If you want to go deeper into B spline theory, these authoritative references are excellent starting points:

• NIST Dictionary of Algorithms and Data Structures: B spline
• Michigan Technological University spline notes
• MIT Hyperbook on B spline curves

Frequently asked questions

Does a B spline always pass through every control point?

No. In general, a B spline approximates its control polygon rather than interpolating every control point. A clamped B spline usually passes through the first and last control points, but not necessarily the interior ones.

What is the difference between degree and order?

Order is degree plus one. So a cubic B spline has degree 3 and order 4.

Why does the result change when I switch knot types?

The knot vector determines where basis functions activate and overlap. Even with the same control points and degree, a different knot vector changes the blending and therefore changes the shape of the curve.

Why is my curve invalid?

The most common reason is not having enough control points for the selected degree.

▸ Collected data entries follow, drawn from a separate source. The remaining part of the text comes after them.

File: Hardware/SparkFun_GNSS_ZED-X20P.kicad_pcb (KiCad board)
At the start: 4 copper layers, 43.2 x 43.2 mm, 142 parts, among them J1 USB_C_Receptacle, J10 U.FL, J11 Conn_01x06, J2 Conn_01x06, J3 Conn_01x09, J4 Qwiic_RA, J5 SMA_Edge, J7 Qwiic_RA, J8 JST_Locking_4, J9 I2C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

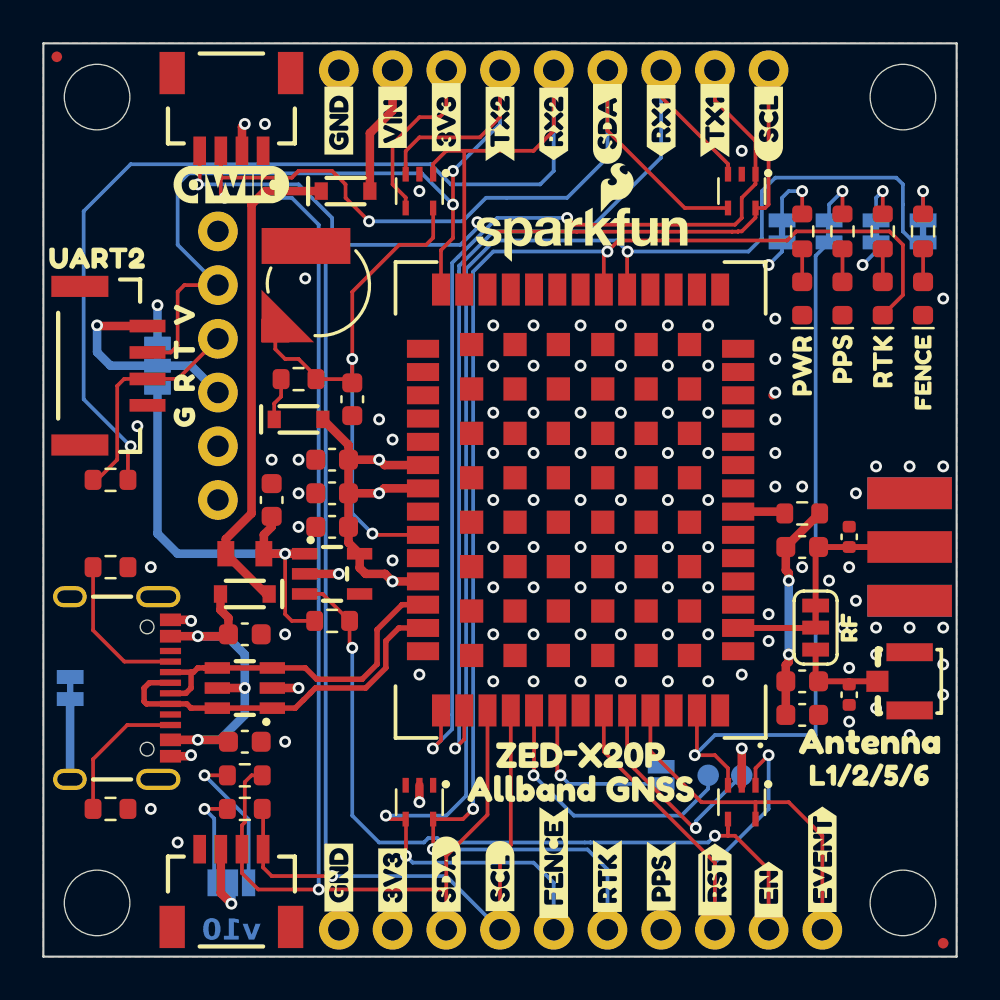
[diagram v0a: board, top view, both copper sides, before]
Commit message: Add CH342
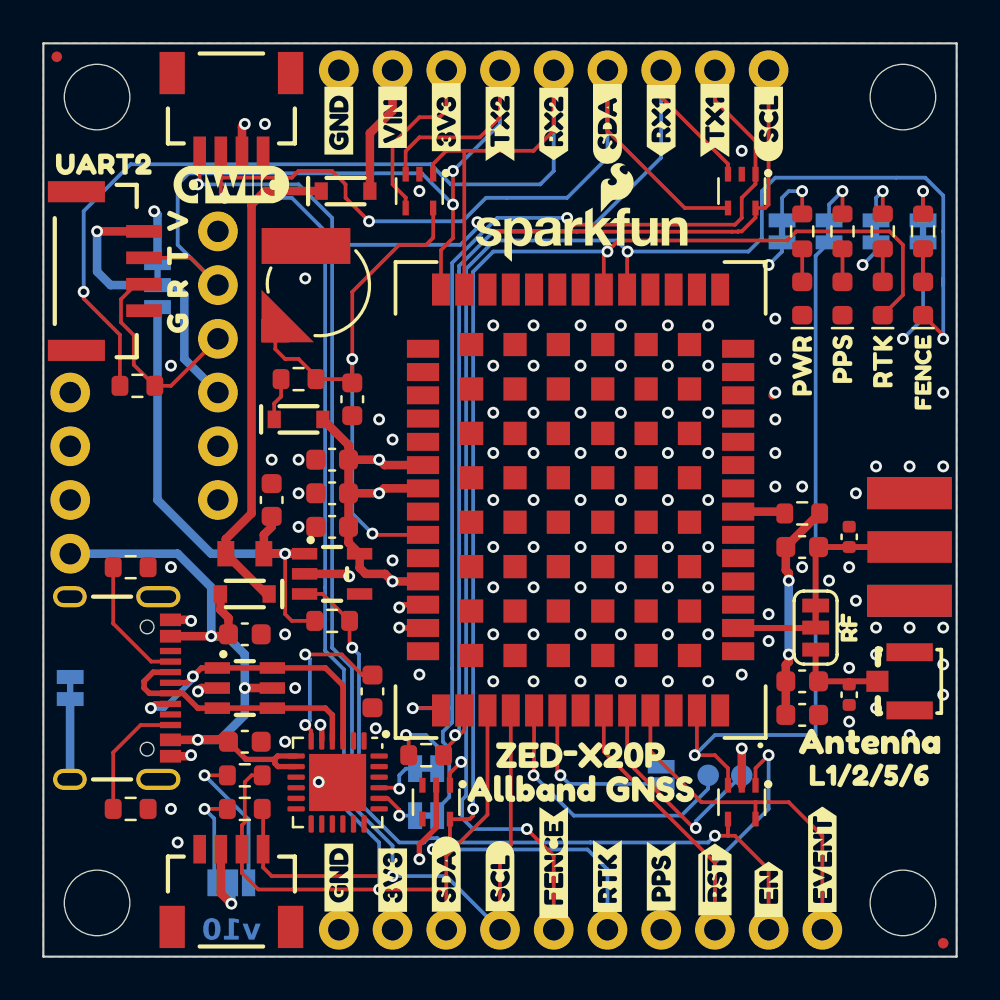
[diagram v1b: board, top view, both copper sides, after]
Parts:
- removed kibuzzard-67EC5C53: G***, kibuzzard-67EC5C53
- added C10: 0.1uF, SparkFun-Capacitor:C_0603_1608Metric, F.Cu at (150.8, 104.9)
- added J6: Conn_01x04, SparkFun-Connector:1x04, F.Cu at (136.5, 98.4)
- added JP11: ~, SparkFun-Jumper:Jumper_2_NC_Trace, B.Cu at (153.4, 108.6)
- added JP12: ~, SparkFun-Jumper:Jumper_2_NC_Trace, B.Cu at (153.4, 110.8)
- added R10: 1k, SparkFun-Resistor:R_0603_1608Metric, F.Cu at (153.4, 108.0)
- added U4: CH342F, SparkFun-Semiconductor-Standard:QFN-24-1EP_4x4mm_P0.5mm_EP2.7x2.7mm, F.Cu at (149.2, 109.2)
- added kibuzzard-66CB830B: G***, kibuzzard-66CB830B, B.Cu at (138.4, 98.4)
- added kibuzzard-67FD7838: G***, kibuzzard-67FD7838, B.Cu at (138.4, 90.8)
- added kibuzzard-67FD783C: G***, kibuzzard-67FD783C, B.Cu at (138.4, 93.3)
- added kibuzzard-67FD7841: G***, kibuzzard-67FD7841, B.Cu at (139.1, 95.9)
- added kibuzzard-67FD789E: G***, kibuzzard-67FD789E, B.Cu at (150.8, 110.8)
- added kibuzzard-67FD78AA: G***, kibuzzard-67FD78AA, B.Cu at (150.8, 108.6)
- added kibuzzard-67FD78C4: G***, kibuzzard-67FD78C4, B.Cu at (164.5, 106.4)
- L1, L2: value 33nH -> 47nH
- moved kibuzzard-66CB82FB 8.89 mm to (140.7, 83.2)
- moved R8 4.62 mm to (139.7, 90.5), turned to 180 degrees
- moved J8 4.48 mm to (138.3, 85.1)
- moved kibuzzard-6797CF40 4.46 mm to (141.6, 85.1)
- moved kibuzzard-67EC5939 4.46 mm to (138.1, 80.0)
- moved JP4 3.81 mm to (140.7, 85.7)
- moved kibuzzard-66CB829C 3.81 mm to (138.7, 85.7)
- moved kibuzzard-66CB830B 1.11 mm to (140.7, 88.3)
- moved R1 0.95 mm to (139.4, 110.5)
- moved R2 0.95 mm to (139.4, 99.1)
- moved D13 0.79 mm to (153.8, 110.2)
- turned U1 to 0 degrees
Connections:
- D13 pad 1: unconnected-(D13-K1-Pad1) -> GEO_STAT
- D13 pad 4: GEO_STAT -> unconnected-(D13-K3-Pad4)
- D9 pad 1: GND -> GEO_STAT
- J1 pad A6: USB_D+ -> Net-(U1-I/O1)
- J1 pad A7: USB_D- -> Net-(U1-I/O2)
- J1 pad B6: USB_D+ -> Net-(U1-I/O1)
- J1 pad B7: USB_D- -> Net-(U1-I/O2)
- JP8 pad 2: GEO_STAT -> 3.3V
- U1 pad 1: USB_D+ -> Net-(U1-I/O1)
- U1 pad 3: USB_D- -> Net-(U1-I/O2)
- U1 pad 4: USB_D- -> Net-(U1-I/O2)
- U1 pad 6: USB_D+ -> Net-(U1-I/O1)
- U5 pad 39: USB_D- -> /D-
- U5 pad 40: USB_D+ -> /D+
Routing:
- net /D-: track 0.00 -> 22.7 mm, vias 0 -> 1
- net /D+: track 0.00 -> 20.2 mm, vias 0 -> 1
- net USB_D+: track 17.6 -> 0.00 mm
- net USB_D-: track 16.5 -> 0.00 mm
- net Net-(U1-I/O1): track 0.00 -> 15.1 mm, vias 0 -> 2
- net VUSB: track 17.1 -> 31.0 mm
- net Net-(U1-I/O2): track 0.00 -> 12.4 mm
- net Net-(U4-V3): track 0.00 -> 7.96 mm, vias 0 -> 2
- net 3.3V: track 36.2 -> 43.1 mm, vias 8 -> 10
- net TX1/POCI: track 48.2 -> 53.0 mm
- net RX2: track 58.5 -> 53.8 mm
- net VOUT: track 9.85 -> 14.0 mm
- net Net-(JP11-B): track 0.00 -> 3.76 mm, vias 0 -> 1
- net GND: track 7.57 -> 10.9 mm, vias 108 -> 111
- net 5V: track 21.6 -> 24.4 mm
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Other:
- board text added: "Material: TG135"
- board text removed: "Material: TG155"

You need at least degree plus one control points. Formatting errors in the point list can also cause invalid input.

Final takeaway

A good B spline calculator is more than a convenience. It is a compact way to understand one of the most important curve models in computational geometry. By experimenting with control points, degree, knots, and parameter values, you can see how local support, continuity, and endpoint behavior work together. If you are building CAD tools, smoothing paths, fitting data, or simply learning spline math, mastering these controls will give you practical intuition that scales to advanced topics like knot insertion, NURBS, and spline surfaces.